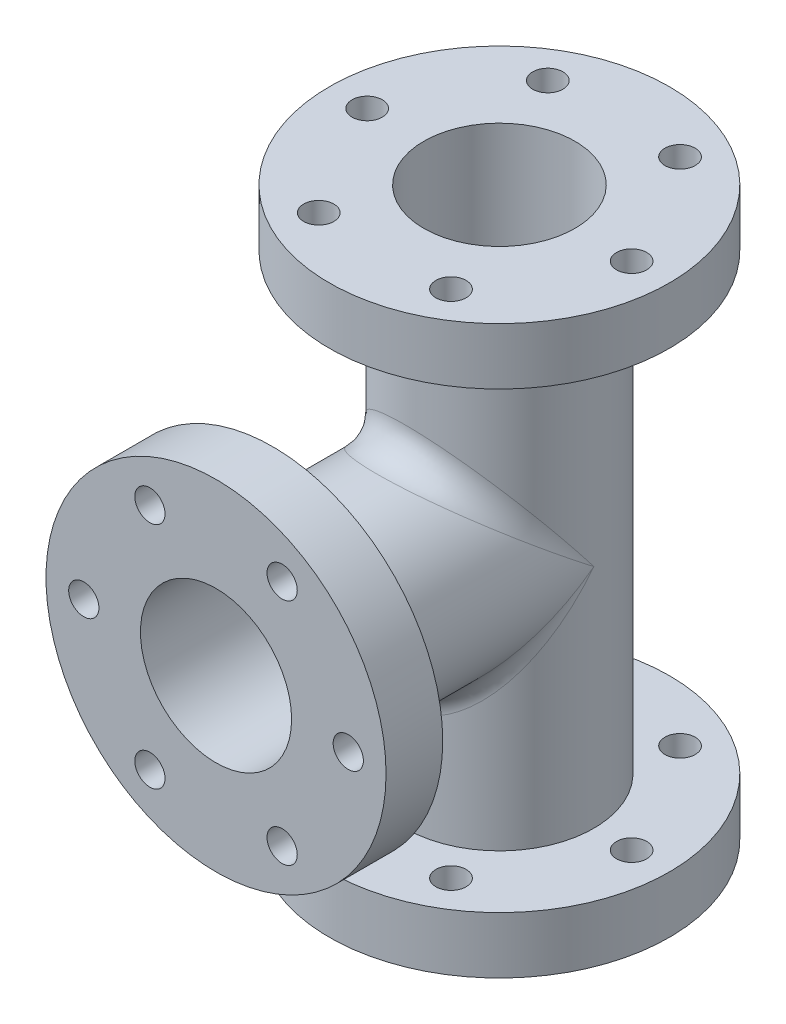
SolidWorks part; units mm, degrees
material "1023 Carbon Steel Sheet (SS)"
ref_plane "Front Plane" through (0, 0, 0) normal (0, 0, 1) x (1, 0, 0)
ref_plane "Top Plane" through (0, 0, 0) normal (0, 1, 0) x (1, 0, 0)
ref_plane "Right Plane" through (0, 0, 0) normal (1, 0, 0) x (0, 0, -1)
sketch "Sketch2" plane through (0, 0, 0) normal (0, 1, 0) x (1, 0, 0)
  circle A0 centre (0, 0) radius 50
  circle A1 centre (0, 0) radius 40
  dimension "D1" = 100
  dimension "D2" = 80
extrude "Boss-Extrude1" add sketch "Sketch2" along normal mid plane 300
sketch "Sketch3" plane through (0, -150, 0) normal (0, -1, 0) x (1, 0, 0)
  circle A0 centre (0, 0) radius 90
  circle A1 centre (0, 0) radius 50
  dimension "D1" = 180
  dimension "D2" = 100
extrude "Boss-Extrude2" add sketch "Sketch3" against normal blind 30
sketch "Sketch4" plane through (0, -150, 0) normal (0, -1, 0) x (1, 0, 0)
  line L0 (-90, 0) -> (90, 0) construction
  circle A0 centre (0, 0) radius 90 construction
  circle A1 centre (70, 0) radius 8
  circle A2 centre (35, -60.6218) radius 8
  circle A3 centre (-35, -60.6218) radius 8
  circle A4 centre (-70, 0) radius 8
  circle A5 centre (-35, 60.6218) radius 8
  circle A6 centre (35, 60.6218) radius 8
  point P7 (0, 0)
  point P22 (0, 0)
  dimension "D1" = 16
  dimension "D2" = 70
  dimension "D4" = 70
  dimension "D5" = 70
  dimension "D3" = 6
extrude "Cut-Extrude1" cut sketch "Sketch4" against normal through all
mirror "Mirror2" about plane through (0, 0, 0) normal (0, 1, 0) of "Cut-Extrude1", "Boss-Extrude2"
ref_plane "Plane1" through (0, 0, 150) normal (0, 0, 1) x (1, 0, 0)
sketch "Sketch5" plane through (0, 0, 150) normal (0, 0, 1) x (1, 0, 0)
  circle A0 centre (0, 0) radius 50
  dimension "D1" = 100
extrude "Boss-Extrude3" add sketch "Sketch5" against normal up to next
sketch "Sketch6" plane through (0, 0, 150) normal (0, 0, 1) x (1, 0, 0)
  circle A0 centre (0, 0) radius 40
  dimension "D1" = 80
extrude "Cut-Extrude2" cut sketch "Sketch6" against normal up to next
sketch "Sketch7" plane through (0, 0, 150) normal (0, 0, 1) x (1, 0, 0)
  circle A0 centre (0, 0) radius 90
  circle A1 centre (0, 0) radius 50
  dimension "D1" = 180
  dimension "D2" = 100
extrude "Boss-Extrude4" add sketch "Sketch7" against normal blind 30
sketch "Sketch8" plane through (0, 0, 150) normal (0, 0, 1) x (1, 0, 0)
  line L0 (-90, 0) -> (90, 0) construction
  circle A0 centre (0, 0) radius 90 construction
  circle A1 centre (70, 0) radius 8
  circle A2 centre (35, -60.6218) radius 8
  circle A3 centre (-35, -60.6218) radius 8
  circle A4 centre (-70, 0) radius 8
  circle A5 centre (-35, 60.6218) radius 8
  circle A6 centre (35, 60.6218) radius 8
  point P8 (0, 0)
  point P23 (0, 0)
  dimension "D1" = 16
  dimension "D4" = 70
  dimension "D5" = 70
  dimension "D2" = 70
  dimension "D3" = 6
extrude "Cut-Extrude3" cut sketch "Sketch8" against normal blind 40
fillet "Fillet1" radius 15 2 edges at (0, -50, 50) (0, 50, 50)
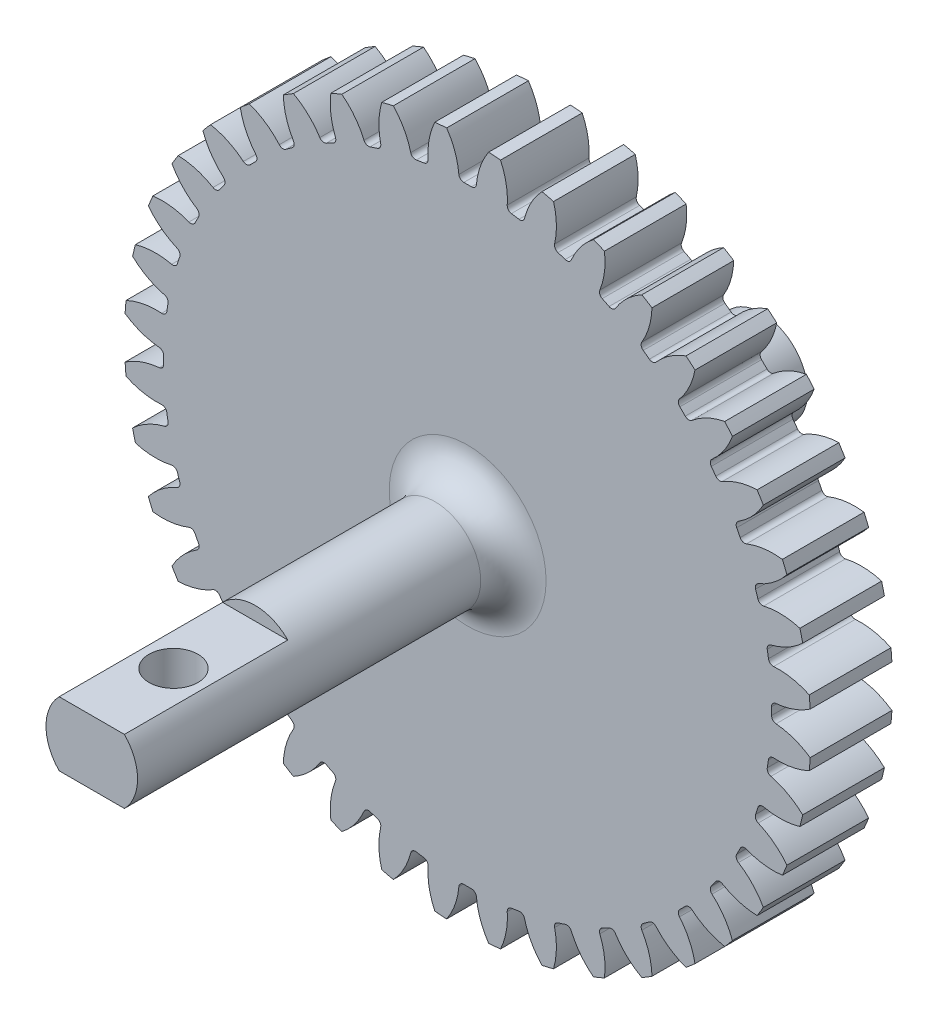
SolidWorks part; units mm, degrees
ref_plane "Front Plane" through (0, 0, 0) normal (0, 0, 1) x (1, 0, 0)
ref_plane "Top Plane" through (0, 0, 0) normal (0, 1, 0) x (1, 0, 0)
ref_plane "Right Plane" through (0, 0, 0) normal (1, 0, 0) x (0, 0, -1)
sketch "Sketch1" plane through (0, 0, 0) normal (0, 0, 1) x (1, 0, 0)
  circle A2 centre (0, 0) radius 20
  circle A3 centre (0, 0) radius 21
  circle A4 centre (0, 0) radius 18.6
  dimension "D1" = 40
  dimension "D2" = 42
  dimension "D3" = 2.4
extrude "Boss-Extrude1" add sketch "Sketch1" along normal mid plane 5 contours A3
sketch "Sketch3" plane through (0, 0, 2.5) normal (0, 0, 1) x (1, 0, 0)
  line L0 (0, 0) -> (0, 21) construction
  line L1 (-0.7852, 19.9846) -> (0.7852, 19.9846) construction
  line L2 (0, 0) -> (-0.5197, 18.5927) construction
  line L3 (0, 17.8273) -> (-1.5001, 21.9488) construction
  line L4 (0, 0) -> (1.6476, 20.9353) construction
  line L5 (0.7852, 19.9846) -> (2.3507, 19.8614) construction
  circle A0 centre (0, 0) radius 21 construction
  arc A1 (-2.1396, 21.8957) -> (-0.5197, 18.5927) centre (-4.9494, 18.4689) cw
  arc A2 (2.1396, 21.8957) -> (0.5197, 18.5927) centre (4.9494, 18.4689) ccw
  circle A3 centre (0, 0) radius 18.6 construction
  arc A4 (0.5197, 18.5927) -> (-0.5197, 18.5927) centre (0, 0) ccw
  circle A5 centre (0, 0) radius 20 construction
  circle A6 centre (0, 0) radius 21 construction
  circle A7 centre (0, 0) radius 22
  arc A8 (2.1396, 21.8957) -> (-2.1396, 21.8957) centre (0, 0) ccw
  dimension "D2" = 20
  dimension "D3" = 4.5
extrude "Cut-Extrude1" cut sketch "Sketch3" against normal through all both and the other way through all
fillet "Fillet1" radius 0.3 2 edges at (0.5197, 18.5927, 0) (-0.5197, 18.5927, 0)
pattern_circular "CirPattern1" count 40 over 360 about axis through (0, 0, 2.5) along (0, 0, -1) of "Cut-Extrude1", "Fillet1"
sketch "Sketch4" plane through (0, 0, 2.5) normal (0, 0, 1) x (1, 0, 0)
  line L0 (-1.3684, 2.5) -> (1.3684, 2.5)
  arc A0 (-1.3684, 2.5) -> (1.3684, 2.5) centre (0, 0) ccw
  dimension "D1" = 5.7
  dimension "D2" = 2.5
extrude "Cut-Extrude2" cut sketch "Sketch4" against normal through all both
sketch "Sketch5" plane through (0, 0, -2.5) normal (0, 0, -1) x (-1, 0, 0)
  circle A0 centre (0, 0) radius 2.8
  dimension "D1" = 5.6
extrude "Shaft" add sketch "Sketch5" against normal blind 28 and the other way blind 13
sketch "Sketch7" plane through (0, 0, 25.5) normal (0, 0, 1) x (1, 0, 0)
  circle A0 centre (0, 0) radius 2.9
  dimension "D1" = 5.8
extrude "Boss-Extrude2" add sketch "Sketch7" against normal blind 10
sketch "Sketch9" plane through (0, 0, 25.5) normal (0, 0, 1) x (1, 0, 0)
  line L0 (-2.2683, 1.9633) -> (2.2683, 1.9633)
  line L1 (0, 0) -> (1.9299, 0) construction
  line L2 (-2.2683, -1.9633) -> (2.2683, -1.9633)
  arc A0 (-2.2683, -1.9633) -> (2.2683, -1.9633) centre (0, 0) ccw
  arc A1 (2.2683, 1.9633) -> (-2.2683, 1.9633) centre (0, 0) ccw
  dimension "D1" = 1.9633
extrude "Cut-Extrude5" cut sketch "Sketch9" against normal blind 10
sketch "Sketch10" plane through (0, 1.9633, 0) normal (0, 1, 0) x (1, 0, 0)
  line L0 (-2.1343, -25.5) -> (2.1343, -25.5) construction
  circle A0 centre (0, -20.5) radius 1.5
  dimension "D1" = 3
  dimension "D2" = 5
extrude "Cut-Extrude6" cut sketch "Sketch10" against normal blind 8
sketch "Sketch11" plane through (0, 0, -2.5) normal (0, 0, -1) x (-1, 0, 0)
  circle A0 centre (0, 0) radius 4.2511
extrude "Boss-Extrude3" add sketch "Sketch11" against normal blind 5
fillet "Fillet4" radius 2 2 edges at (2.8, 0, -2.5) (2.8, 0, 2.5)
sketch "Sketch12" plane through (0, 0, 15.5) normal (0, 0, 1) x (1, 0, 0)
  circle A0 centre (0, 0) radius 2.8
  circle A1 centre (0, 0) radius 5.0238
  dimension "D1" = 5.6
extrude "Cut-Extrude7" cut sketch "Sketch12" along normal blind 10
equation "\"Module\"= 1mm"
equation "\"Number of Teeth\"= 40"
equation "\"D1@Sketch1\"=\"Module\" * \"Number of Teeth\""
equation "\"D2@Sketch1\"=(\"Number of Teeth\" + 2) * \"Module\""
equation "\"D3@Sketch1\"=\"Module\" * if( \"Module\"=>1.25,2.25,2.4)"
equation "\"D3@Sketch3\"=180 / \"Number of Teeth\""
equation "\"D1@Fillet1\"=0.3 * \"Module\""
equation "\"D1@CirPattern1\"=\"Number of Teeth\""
+ + + +
### Problem statement
The answer must consist of every line in the records above that contains the word "both".

### Task solution
extrude "Cut-Extrude1" cut sketch "Sketch3" against normal through all both and the other way through all
extrude "Cut-Extrude2" cut sketch "Sketch4" against normal through all both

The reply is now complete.